# Urea newbie



## Bikethrow (May 3, 2021)

New to liquid Urea. Just want to be sure I'm right. Okay for liquid urea 28-0-0 to sit on turf? Doesn't need to be watered in?

Thanks


----------



## Jay20nj (Jul 25, 2018)

Depends on rate.


----------



## Bikethrow (May 3, 2021)

@Jay20nj 3oz per 1000sq in 2gal.


----------



## Bikethrow (May 3, 2021)




----------



## jha4aamu (Oct 16, 2017)

If you are applying over .25lb of N/k its probably a good idea to water it in.


----------



## Jay20nj (Jul 25, 2018)

Thats a very low rate so no need to water it in. Actually prob better not to and let it be absorbed foliar since the rate is so low.


----------



## g-man (Jun 15, 2017)

3oz * 0.28 = 0.84oz. that's nothing.

This product sounds not to be that good. What is it?


----------



## Bikethrow (May 3, 2021)

Product is Growforge UAN 28-0-0. The rate is 3-6oz per 1000sq.
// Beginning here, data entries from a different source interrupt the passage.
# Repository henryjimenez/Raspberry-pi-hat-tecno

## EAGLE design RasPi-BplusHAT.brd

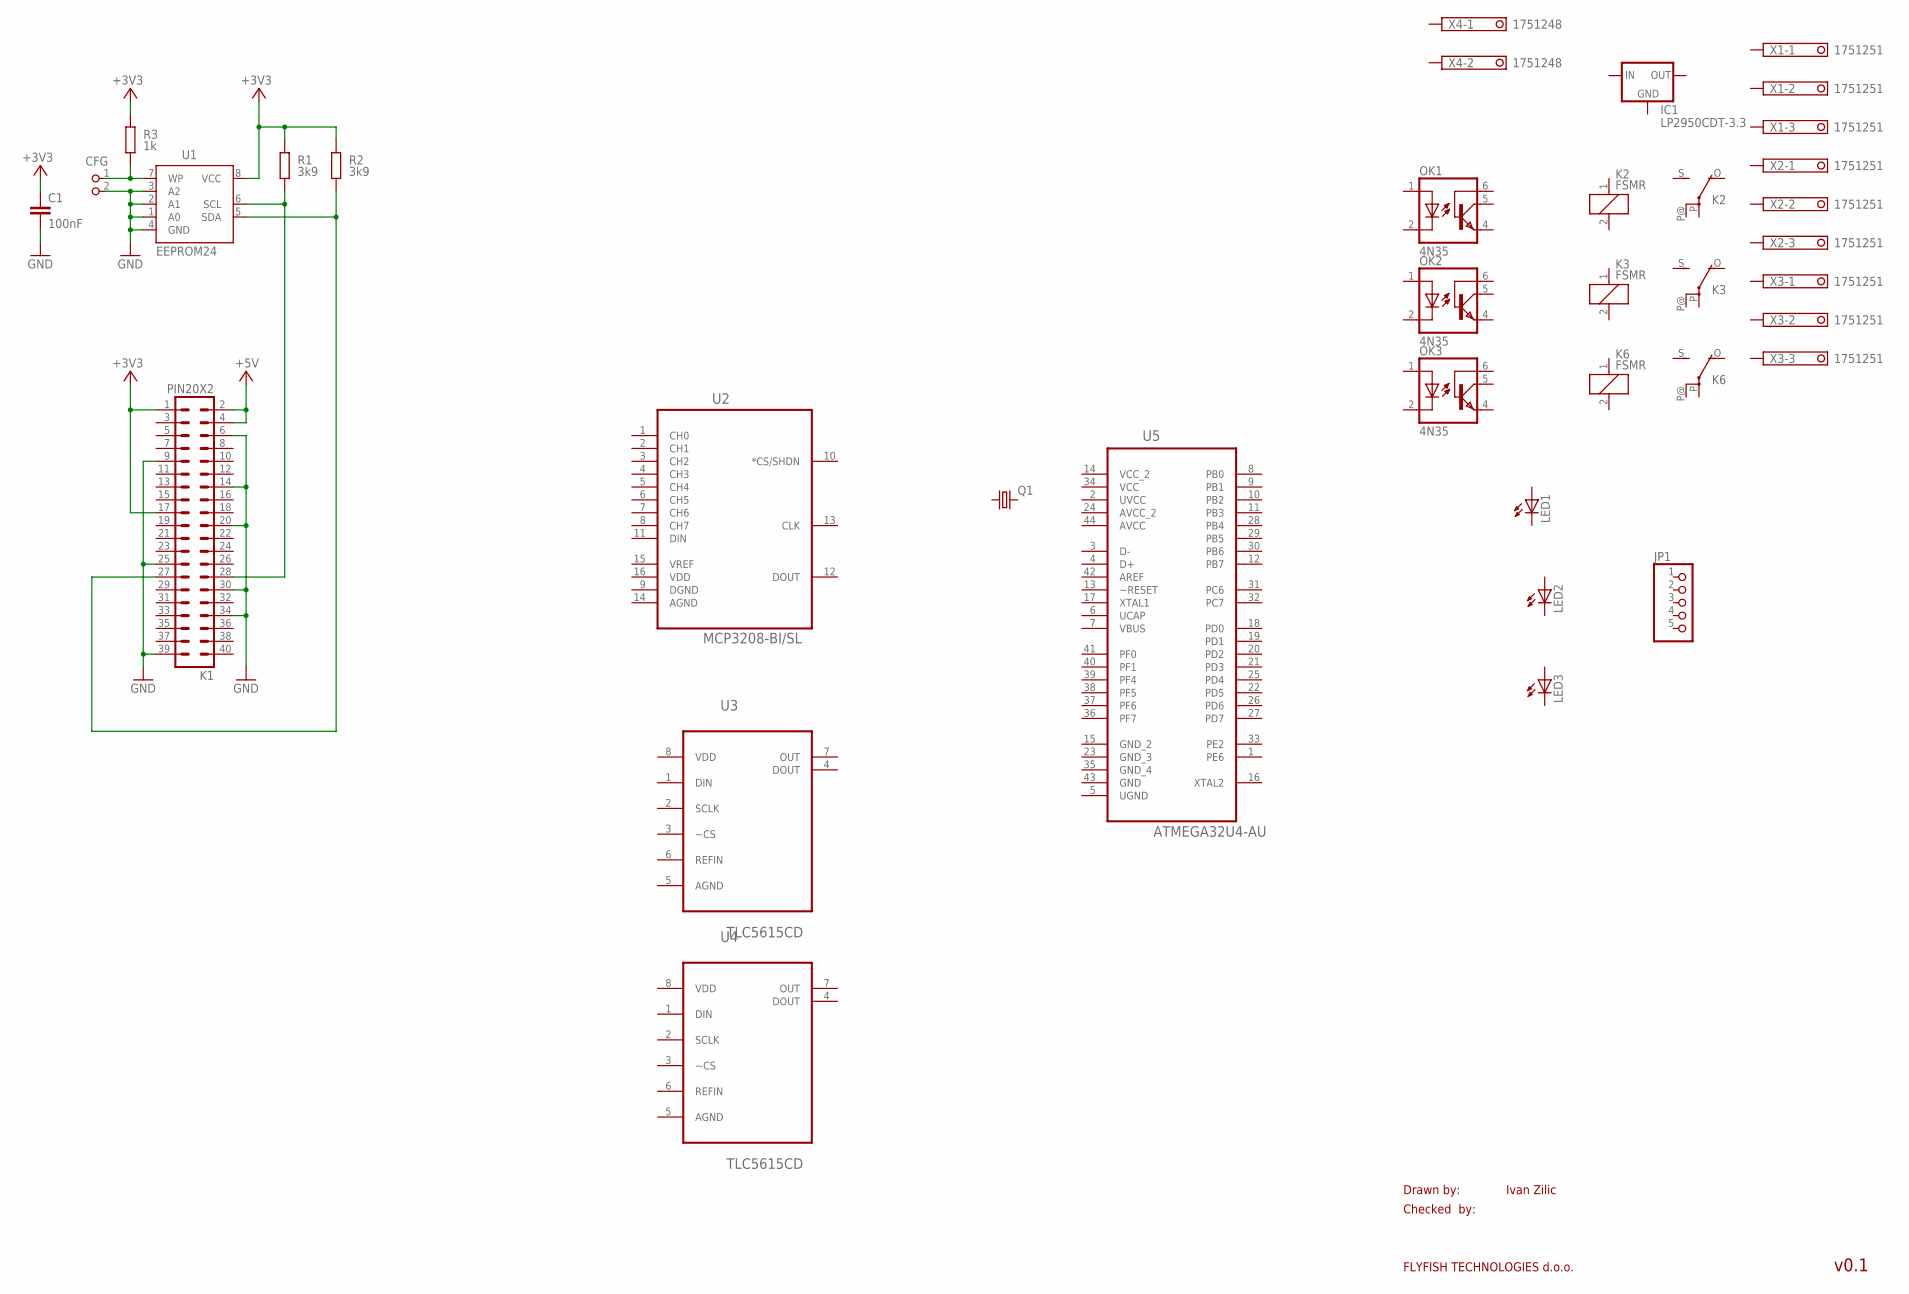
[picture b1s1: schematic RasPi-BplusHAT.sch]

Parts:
C1: 100nF; C0805K
CFG: PIN2_100; PIN_W_2
IC1: LP2950CDT-3.3; DPACK
JP1: PINHD-1X55X2MM; 1_05X2MM
K1: PIN20X2; PIN_20X2
K2, K3, K6: FSMR
LED1, LED2, LED3: LEDCHIPLED_1206; CHIPLED_1206
OK1, OK2, OK3: 4N35; DIL06
Q1: CRYSTALHC49UP; HC49UP
R1, R2: 3k9; M0805; TOLERANCE 5%
R3: 1k; M0805; TOLERANCE 5%
U1: EEPROM24; SOIC8
U2: MCP3208-BI/SL; SOIC127P600X175-16N
U3, U4: TLC5615CD; SOIC127P600X175-8N
U5: ATMEGA32U4-AU; QFP80P1200X1200X120-44N
X1, X2, X3: 1751251
X4: 1751248

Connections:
+3V3: C1.1, K1.1, K1.17, R1.2, R2.2, R3.2, U1.8 (VCC)
+5V: K1.2, K1.4
AVCC: U5.44 (AVCC)
AVCC_2: U5.24 (AVCC_2)
GND: C1.2, CFG.2, K1.6, K1.9, K1.14, K1.20, K1.25, K1.30, K1.34, K1.39, U1.1 (A0), U1.2 (A1), U1.3 (A2), U1.4 (GND)
unnamed: K1.28, R1.1, U1.6 (SCL)
unnamed: K1.27, R2.1, U1.5 (SDA)
unnamed: CFG.1, R3.1, U1.7 (WP)
UCAP: U5.6 (UCAP)
UVCC: U5.2 (UVCC)
VCC: U5.34 (VCC)
VCC_2: U5.14 (VCC_2)
VDD: U2.16 (VDD), U3.8 (VDD), U4.8 (VDD)

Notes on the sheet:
Drawn by:
Checked by:
FLYFISH TECHNOLOGIES d.o.o.
Ivan Zilic
v0.1

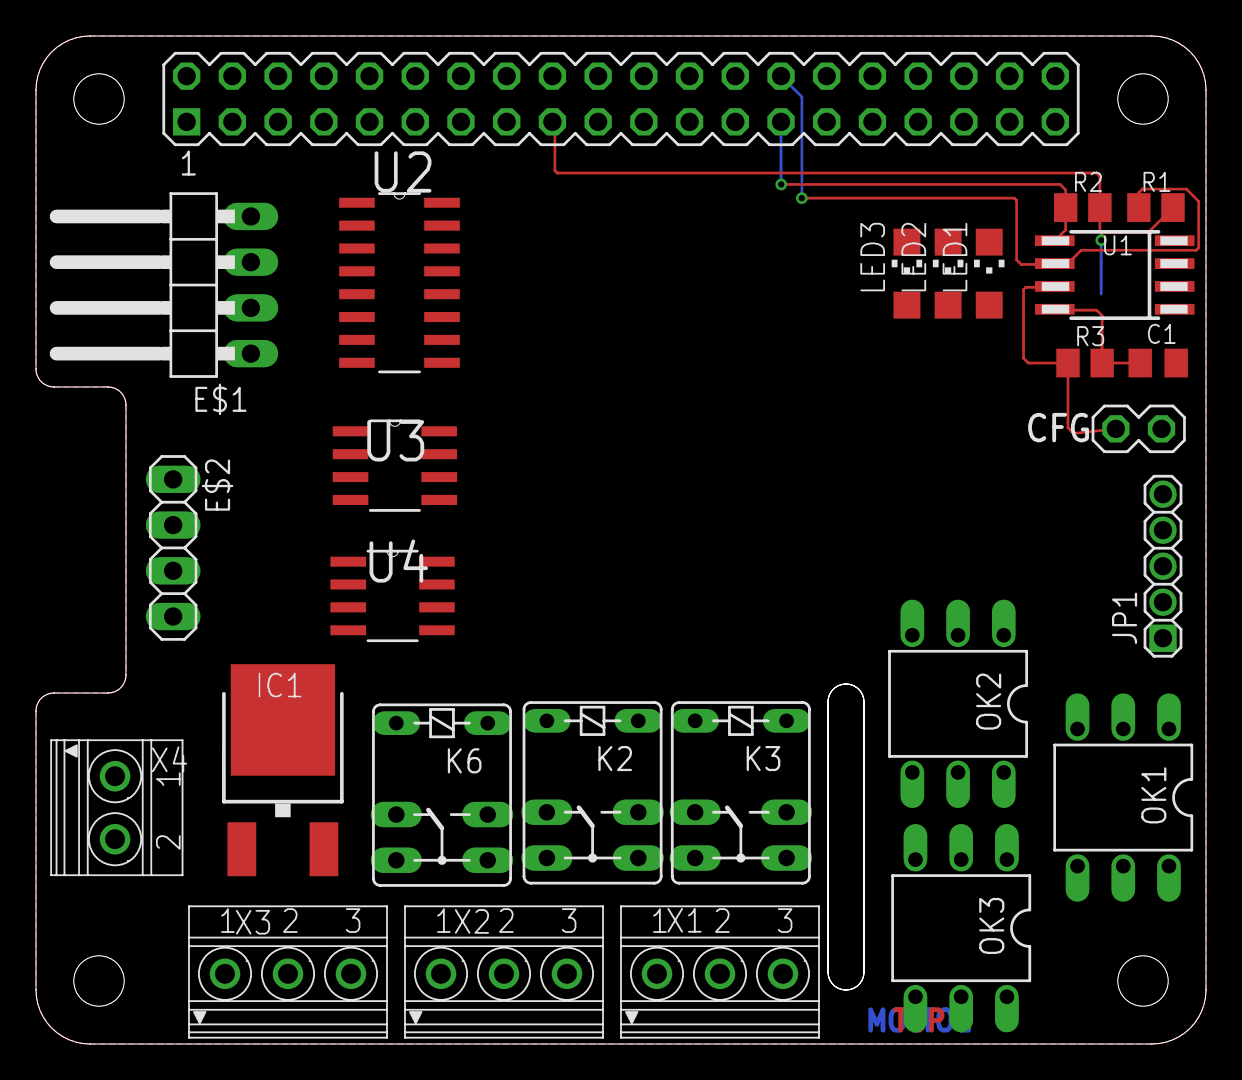
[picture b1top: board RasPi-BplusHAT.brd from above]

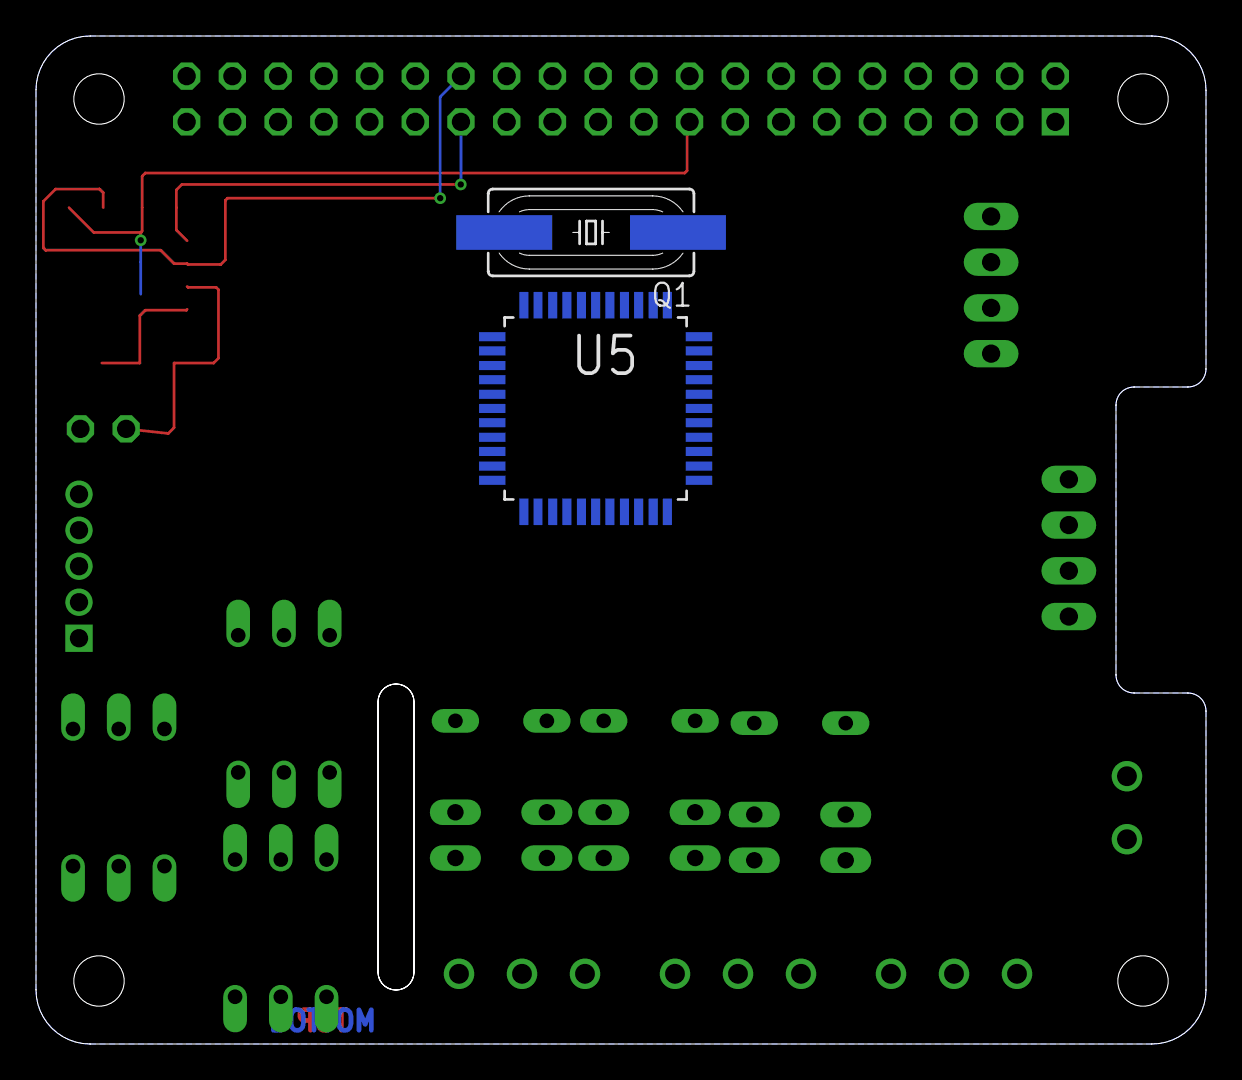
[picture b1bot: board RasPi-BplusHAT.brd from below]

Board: 2 copper layers, 65.0 x 56.0 mm, 29 parts (2 on the bottom side), 7 nets.

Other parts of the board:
E$1: 1X04/90
E$2: 1X04

First use so I'm going with the lowest recommended @g-man

https://growforge.ca/collections/straightline/products/uan-28-0-0-homeowner


----------



## g-man (Jun 15, 2017)

You can save a lot of $$ using DEF. 10oz = 0.1lb of N. Diesel exhaust fluid from your local auto parts/Walmart/gas station. In the USA, 2.5g is around $9.


----------



## Bikethrow (May 3, 2021)

Interesting. Will look into this one.

Thx


----------